To our knowledge, this is the only recent study that has evaluated health service use before and after Indigenous residential treatment and the only study assessing the impact of indigenous healing practices on health service use rates. However, the effect on ED visit numbers has been studied in other settings. For instance, in a cohort study evaluating health service outcomes comparing patients receiving mental health services and OAT to OAT alone, those receiving concurrent mental health and OAT services had higher rates of substance-related ED visits [54]. The higher rate may be related to patients’ higher health service needs with multiple comorbidities or limited access to sufficient, appropriate or specialized services in the community to prevent the need for acute care services [42, 55,56,57]. Future research should be undertaken to further explore how Indigenous residential treatment effectively improves health service outcomes, particularly in the context of trauma-informed practices in Indigenous communities.

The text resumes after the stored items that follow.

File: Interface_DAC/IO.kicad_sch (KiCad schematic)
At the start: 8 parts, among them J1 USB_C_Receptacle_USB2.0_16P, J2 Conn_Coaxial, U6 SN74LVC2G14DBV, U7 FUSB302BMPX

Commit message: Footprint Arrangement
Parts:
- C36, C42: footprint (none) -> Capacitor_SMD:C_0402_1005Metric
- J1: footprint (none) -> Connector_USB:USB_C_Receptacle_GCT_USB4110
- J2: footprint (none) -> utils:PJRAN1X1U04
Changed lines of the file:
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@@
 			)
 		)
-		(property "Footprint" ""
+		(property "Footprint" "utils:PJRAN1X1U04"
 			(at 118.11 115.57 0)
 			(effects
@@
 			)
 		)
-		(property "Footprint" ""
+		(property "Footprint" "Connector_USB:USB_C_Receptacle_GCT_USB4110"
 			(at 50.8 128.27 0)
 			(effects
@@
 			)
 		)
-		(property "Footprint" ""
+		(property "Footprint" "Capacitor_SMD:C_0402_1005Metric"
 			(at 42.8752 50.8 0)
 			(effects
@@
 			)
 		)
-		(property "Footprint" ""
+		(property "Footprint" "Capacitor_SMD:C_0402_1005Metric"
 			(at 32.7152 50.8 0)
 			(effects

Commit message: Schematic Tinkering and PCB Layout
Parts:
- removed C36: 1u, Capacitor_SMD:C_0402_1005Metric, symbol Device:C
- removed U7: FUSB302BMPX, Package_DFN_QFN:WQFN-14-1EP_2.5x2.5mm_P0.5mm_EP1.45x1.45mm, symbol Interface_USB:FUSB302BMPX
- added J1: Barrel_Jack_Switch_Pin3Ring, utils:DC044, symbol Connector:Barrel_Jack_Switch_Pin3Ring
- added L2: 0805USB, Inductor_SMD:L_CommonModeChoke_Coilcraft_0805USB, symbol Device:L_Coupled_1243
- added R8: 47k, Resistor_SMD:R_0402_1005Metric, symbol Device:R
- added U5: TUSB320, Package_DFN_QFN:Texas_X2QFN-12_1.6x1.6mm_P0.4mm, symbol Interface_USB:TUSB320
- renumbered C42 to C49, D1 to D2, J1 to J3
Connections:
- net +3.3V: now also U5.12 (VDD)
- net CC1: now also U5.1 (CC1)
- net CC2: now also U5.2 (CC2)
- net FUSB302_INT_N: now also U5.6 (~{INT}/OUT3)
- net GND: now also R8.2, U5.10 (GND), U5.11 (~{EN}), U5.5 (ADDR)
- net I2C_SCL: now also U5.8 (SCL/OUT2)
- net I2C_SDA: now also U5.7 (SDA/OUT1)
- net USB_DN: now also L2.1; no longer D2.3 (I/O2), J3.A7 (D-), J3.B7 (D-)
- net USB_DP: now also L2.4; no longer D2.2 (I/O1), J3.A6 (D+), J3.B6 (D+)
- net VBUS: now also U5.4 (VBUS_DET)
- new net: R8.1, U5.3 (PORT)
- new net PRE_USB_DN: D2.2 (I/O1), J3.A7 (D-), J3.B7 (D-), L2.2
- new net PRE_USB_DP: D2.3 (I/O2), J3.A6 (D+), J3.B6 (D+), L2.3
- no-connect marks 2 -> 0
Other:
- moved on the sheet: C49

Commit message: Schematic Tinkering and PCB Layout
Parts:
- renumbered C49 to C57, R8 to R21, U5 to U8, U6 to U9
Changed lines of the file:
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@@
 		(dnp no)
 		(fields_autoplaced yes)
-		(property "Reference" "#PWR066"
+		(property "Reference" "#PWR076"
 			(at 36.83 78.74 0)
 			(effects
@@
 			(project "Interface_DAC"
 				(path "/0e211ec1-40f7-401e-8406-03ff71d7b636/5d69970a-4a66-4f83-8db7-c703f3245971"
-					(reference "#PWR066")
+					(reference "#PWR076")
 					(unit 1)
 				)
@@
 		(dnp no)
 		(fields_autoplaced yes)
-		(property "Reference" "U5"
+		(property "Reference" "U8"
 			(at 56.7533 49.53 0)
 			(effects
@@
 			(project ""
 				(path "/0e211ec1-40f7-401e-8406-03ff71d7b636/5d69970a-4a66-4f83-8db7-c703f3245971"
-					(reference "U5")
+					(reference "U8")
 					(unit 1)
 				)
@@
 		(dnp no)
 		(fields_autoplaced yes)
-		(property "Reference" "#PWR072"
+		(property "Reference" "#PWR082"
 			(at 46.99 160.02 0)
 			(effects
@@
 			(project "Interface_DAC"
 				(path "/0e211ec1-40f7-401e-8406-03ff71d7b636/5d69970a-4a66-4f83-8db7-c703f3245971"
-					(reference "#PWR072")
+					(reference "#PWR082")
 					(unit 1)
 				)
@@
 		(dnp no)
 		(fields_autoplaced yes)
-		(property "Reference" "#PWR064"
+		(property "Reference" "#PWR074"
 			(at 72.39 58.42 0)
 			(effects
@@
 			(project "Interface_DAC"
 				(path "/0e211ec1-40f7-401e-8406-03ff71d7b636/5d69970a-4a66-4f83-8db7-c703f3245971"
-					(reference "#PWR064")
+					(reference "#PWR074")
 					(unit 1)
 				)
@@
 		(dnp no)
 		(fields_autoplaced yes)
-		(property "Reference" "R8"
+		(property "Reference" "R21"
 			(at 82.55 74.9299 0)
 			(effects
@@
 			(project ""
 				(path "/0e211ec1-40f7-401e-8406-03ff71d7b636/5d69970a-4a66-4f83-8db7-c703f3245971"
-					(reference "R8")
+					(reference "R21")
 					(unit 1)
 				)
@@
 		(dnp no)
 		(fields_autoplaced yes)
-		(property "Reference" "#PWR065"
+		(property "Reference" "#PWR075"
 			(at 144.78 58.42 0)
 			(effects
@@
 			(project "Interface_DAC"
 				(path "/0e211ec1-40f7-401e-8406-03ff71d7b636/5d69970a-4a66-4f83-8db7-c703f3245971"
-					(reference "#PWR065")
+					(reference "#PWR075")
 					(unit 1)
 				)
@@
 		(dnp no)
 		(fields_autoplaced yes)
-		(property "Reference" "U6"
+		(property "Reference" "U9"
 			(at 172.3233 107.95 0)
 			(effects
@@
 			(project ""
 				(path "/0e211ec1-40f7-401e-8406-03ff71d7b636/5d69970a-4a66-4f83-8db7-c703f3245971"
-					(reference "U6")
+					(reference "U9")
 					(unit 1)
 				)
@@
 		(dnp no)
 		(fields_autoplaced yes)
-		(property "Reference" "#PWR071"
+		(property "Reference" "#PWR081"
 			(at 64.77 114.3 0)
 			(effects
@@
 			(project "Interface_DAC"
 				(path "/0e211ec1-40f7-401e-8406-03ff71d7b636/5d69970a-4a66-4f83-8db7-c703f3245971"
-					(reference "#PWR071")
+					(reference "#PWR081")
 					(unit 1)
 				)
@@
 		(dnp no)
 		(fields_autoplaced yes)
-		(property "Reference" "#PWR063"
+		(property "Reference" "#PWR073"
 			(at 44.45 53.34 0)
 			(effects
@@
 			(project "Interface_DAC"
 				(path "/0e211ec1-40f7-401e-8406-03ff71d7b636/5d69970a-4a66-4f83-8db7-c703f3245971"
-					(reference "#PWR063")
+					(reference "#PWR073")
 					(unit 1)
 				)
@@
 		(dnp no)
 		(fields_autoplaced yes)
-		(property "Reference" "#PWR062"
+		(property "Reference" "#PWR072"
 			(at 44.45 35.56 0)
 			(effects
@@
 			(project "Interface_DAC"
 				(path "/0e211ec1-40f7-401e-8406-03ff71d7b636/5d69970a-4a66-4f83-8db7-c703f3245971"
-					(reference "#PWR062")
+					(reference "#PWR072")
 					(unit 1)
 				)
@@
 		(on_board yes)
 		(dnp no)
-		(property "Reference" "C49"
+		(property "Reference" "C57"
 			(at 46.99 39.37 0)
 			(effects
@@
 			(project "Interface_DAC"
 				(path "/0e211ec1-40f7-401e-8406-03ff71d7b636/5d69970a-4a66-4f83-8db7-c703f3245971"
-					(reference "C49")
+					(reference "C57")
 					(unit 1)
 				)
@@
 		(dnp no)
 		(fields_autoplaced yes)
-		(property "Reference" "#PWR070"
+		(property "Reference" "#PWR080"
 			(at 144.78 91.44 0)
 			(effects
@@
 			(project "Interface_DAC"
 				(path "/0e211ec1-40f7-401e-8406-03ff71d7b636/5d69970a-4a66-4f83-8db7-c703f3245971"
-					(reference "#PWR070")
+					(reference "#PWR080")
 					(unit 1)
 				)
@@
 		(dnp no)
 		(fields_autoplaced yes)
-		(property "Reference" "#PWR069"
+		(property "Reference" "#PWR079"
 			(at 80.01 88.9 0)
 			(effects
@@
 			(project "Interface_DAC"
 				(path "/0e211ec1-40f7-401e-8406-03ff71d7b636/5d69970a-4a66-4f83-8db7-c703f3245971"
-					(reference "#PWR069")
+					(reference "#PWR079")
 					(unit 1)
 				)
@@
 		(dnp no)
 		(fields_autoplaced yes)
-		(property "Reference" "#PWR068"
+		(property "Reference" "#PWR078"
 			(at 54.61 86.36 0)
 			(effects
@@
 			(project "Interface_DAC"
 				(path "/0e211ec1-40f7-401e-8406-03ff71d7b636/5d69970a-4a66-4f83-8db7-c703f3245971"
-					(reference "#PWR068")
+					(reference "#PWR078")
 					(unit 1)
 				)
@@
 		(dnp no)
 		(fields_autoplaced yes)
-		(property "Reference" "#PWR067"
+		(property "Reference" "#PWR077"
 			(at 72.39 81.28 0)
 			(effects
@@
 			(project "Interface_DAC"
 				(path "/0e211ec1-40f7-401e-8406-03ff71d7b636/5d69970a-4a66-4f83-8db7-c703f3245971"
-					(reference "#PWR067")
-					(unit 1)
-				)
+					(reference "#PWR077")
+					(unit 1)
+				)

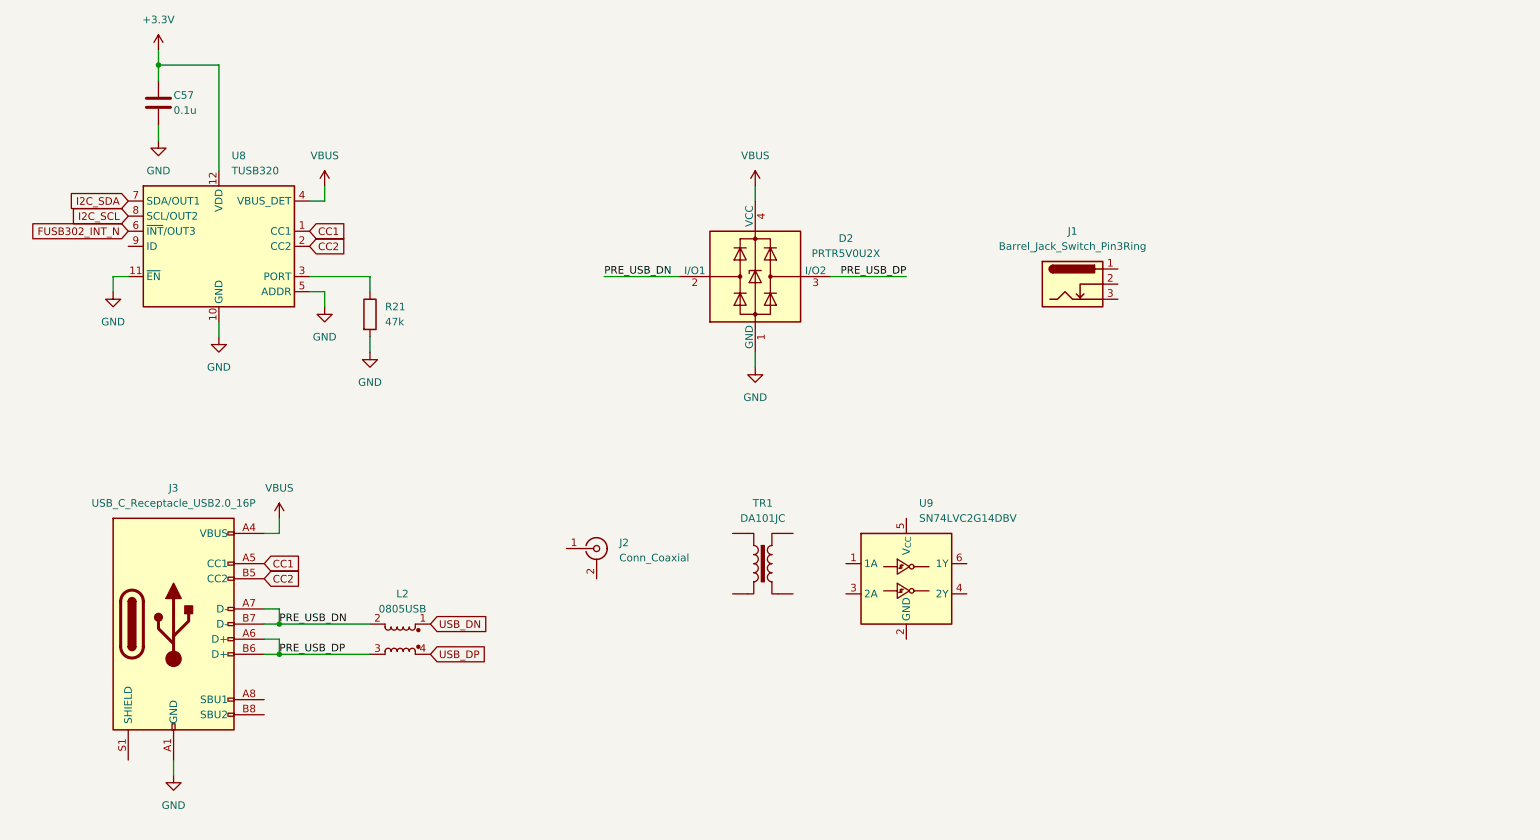
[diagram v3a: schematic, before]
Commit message: Schematic Design and Library Relink
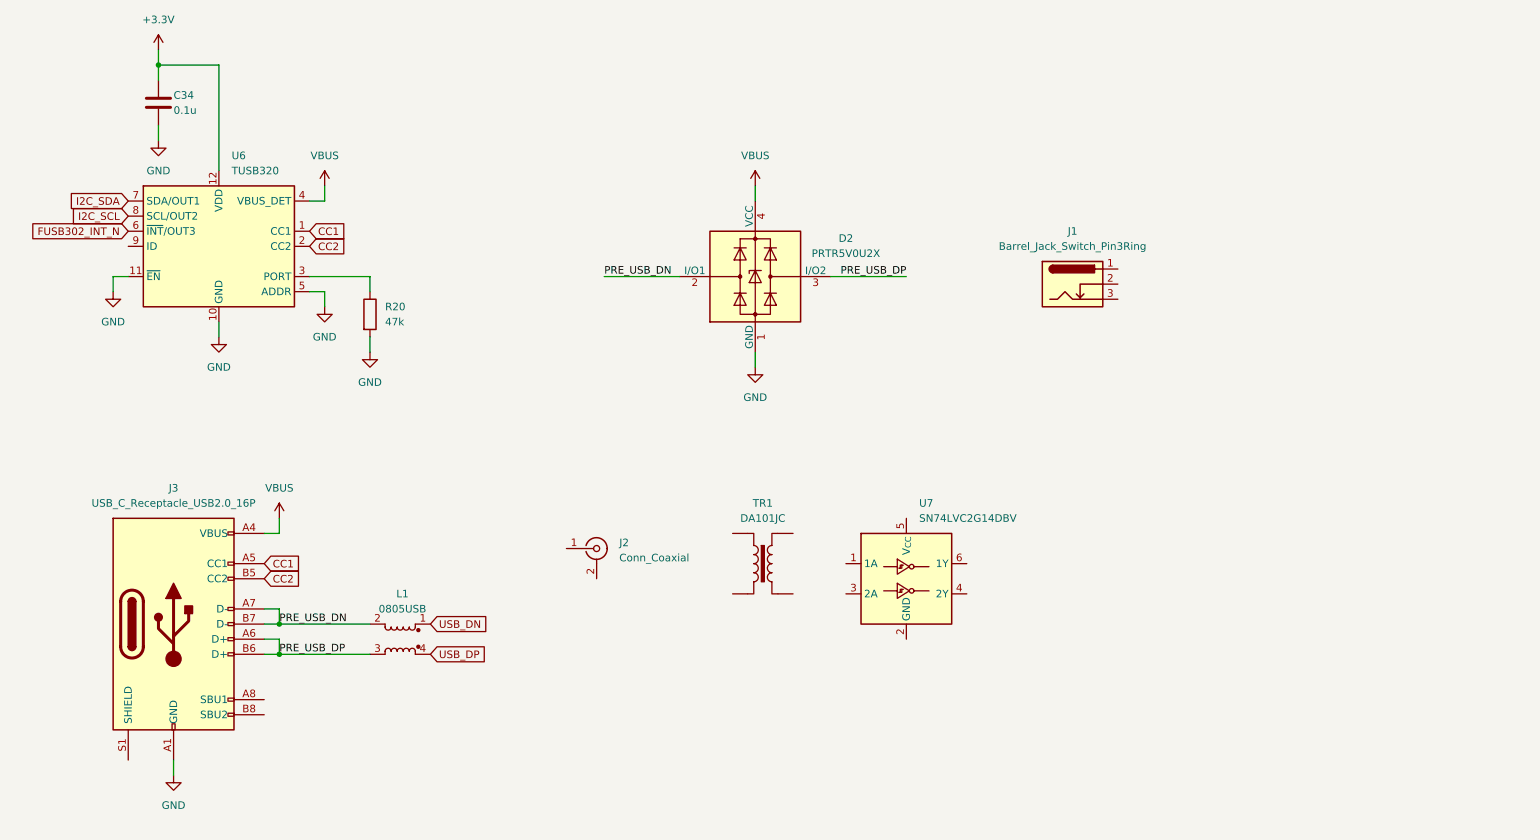
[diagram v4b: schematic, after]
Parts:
- renumbered C57 to C34, L2 to L1, R21 to R20, U8 to U6, U9 to U7

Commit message: Schematic Design
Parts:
- added C35: 0.1u, Capacitor_SMD:C_0402_1005Metric, symbol Device:C
- added C36, C37, C38: 4.7u, Capacitor_SMD:C_0402_1005Metric, symbol Device:C
- added C39, C40: 8p, Capacitor_SMD:C_0402_1005Metric, symbol Device:C
- added R21: 10k, Resistor_SMD:R_0402_1005Metric, symbol Device:R
- added R23: 1M, Resistor_SMD:R_0402_1005Metric, symbol Device:R
- added R24: 12k, Resistor_SMD:R_0402_1005Metric, symbol Device:R
- added U7: USB3300-EZK, Package_DFN_QFN:QFN-32-1EP_5x5mm_P0.5mm_EP3.45x3.45mm, symbol Interface_USB:USB3300-EZK
- added Y4: 24M, Crystal:Crystal_SMD_2016-4Pin_2.0x1.6mm, symbol Device:Crystal_GND24
- renumbered J3 to J2, J2 to J3, R20 to R22, U7 to U8
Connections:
- net GND: now also C35.2, C36.2, C37.2, C38.2, C39.2, C40.2, R24.2, U7.1 (GND), U7.2 (GND), U7.33 (GND), Y4.2, Y4.4
- net USB_DN: now also U7.8 (DM)
- net USB_DP: now also U7.7 (DP)
- net VBUS: now also C37.1, R21.1
- new net: C39.1, R23.2, U7.27 (XO), Y4.3
- new net: C36.1, U7.15 (VDD1.8), U7.26 (VDD1.8)
- new net: R21.2, U7.4 (VBUS)
- new net: C40.1, R23.1, U7.28 (XI), Y4.1
- new net: R24.1, U7.32 (RBIAS)
- new net: C38.1, U7.29 (VDDA1.8)
- new net REG_EN: C35.1, U7.16 (VDD3.3), U7.25 (VDD3.3), U7.30 (VDD3.3), U7.31 (REG_EN), U7.6 (VDD3.3)
- new net ULPI_CK: U7.14 (CLKOUT)
- new net ULPI_D0: U7.24 (DATA0)
- new net ULPI_D1: U7.23 (DATA1)
- new net ULPI_D2: U7.22 (DATA2)
- new net ULPI_D3: U7.21 (DATA3)
- new net ULPI_D4: U7.20 (DATA4)
- new net ULPI_D5: U7.19 (DATA5)
- new net ULPI_D6: U7.18 (DATA6)
- new net ULPI_D7: U7.17 (DATA7)
- new net ULPI_DIR: U7.12 (DIR)
- new net ULPI_NXT: U7.11 (NXT)
- new net ULPI_STP: U7.13 (STP)
- no-connect marks 0 -> 3
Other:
- moved on the sheet: D2, J1, J3, TR1, U8

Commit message: Update IO.kicad_sch
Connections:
- net REG_EN is gone; now on net +3.3V: C35.1, U7.16 (VDD3.3), U7.25 (VDD3.3), U7.30 (VDD3.3), U7.31 (REG_EN), U7.6 (VDD3.3)
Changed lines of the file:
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@@
+	)
+	(junction
+		(at 237.49 34.29)
+		(diameter 0)
+		(color 0 0 0 0)
 	)
 	(junction
@@
 		(pts
 			(xy 64.77 128.27) (xy 62.23 128.27)
+		)
+		(stroke
+			(width 0)
+			(type default)
+		)
+	)
+	(wire
+		(pts
+			(xy 237.49 31.75) (xy 237.49 34.29)
 		)
 		(stroke
@@
 					(unit 1)
 				)
+			)
+		)
+	)
+	(symbol
+		(lib_id "power:+3.3V")
+		(at 237.49 31.75 0)
+		(unit 1)
+		(exclude_from_sim no)
+		(in_bom yes)
+		(on_board yes)
+		(dnp no)
+		(fields_autoplaced yes)
+		(property "Reference" "#PWR098"
+			(at 237.49 35.56 0)
+			(effects
+				(font
+					(size 1.27 1.27)
+				)
+				(hide yes)
+			)
+		)
+		(property "Value" "+3.3V"
+			(at 237.49 26.67 0)
+			(effects
+				(font
+					(size 1.27 1.27)
+				)
+			)
+		)
+		(property "Footprint" ""
+			(at 237.49 31.75 0)
+			(effects
+				(font
+					(size 1.27 1.27)
+				)
+				(hide yes)
+			)
+		)
+		(property "Datasheet" ""
+			(at 237.49 31.75 0)
+			(effects
+				(font
+					(size 1.27 1.27)
+				)
+				(hide yes)
+			)
+		)
+		(property "Description" "Power symbol creates a global label with name \"+3.3V\""
+			(at 237.49 31.75 0)
+			(effects
+				(font
+					(size 1.27 1.27)
+				)
+				(hide yes)
+			)
+		)
+		(pin "1"
+		)
+		(instances
+			(project "Interface_DAC"
+				(path "/0e211ec1-40f7-401e-8406-03ff71d7b636/5d69970a-4a66-4f83-8db7-c703f3245971"
+					(reference "#PWR098")
+					(unit 1)
+				)

Some limitations in the current study require consideration. First, recall and social-desirability bias could be present when using self-reported data, especially for socially stigmatized and criminalized behaviors (such as primary substance use in this study). Second, this study utilized a very specific sample of patients in a residential treatment program in northern Ontario, limiting the generalizability of the findings. Third, the follow-up time to evaluate health service use data was shorter than anticipated because of the program’s suspension due to COVID-19 leading to interruptions in data collection. The lack of significant associations may have been different if recruitment times were longer leading to a larger IHSS sample size. Fourth, although we considered several factors associated with health service use, there is potential for unmeasured confounding. Lastly, it is important to note that when using secondary administrative health data there is potential for data entry errors, incomplete or inaccurate capture of data, and missing values.

Conclusion

In summary, the IHSS group has some changes in client characteristics (more off-reserve, more prior OAT, more patients with problematic opioid and stimulant use) associated with a higher likelihood of dropping out of treatment. But despite this, the treatment completion rates overall are similar. So when we adjust the completion rates for patient characteristics, the IHSS group has better retention. The result from this study clearly indicates that clients benefitted from both the evidence-based treatment model, Seeking Safety, and traditional healing practices with regards to completing the program. The atrocities, oppression, and multiple losses the Indigenous people endured in Canada, motivated Elders, leaders, and communities to embrace their strength, resilience and to move forward toward healing practices and ceremonies to reclaim their dignity and traditional healing practices [3, 14, 53]. Our results suggest a need to develop more comprehensive treatment strategies specific to Indigenous people who experience trauma and substance use to maximize the benefits of treatment.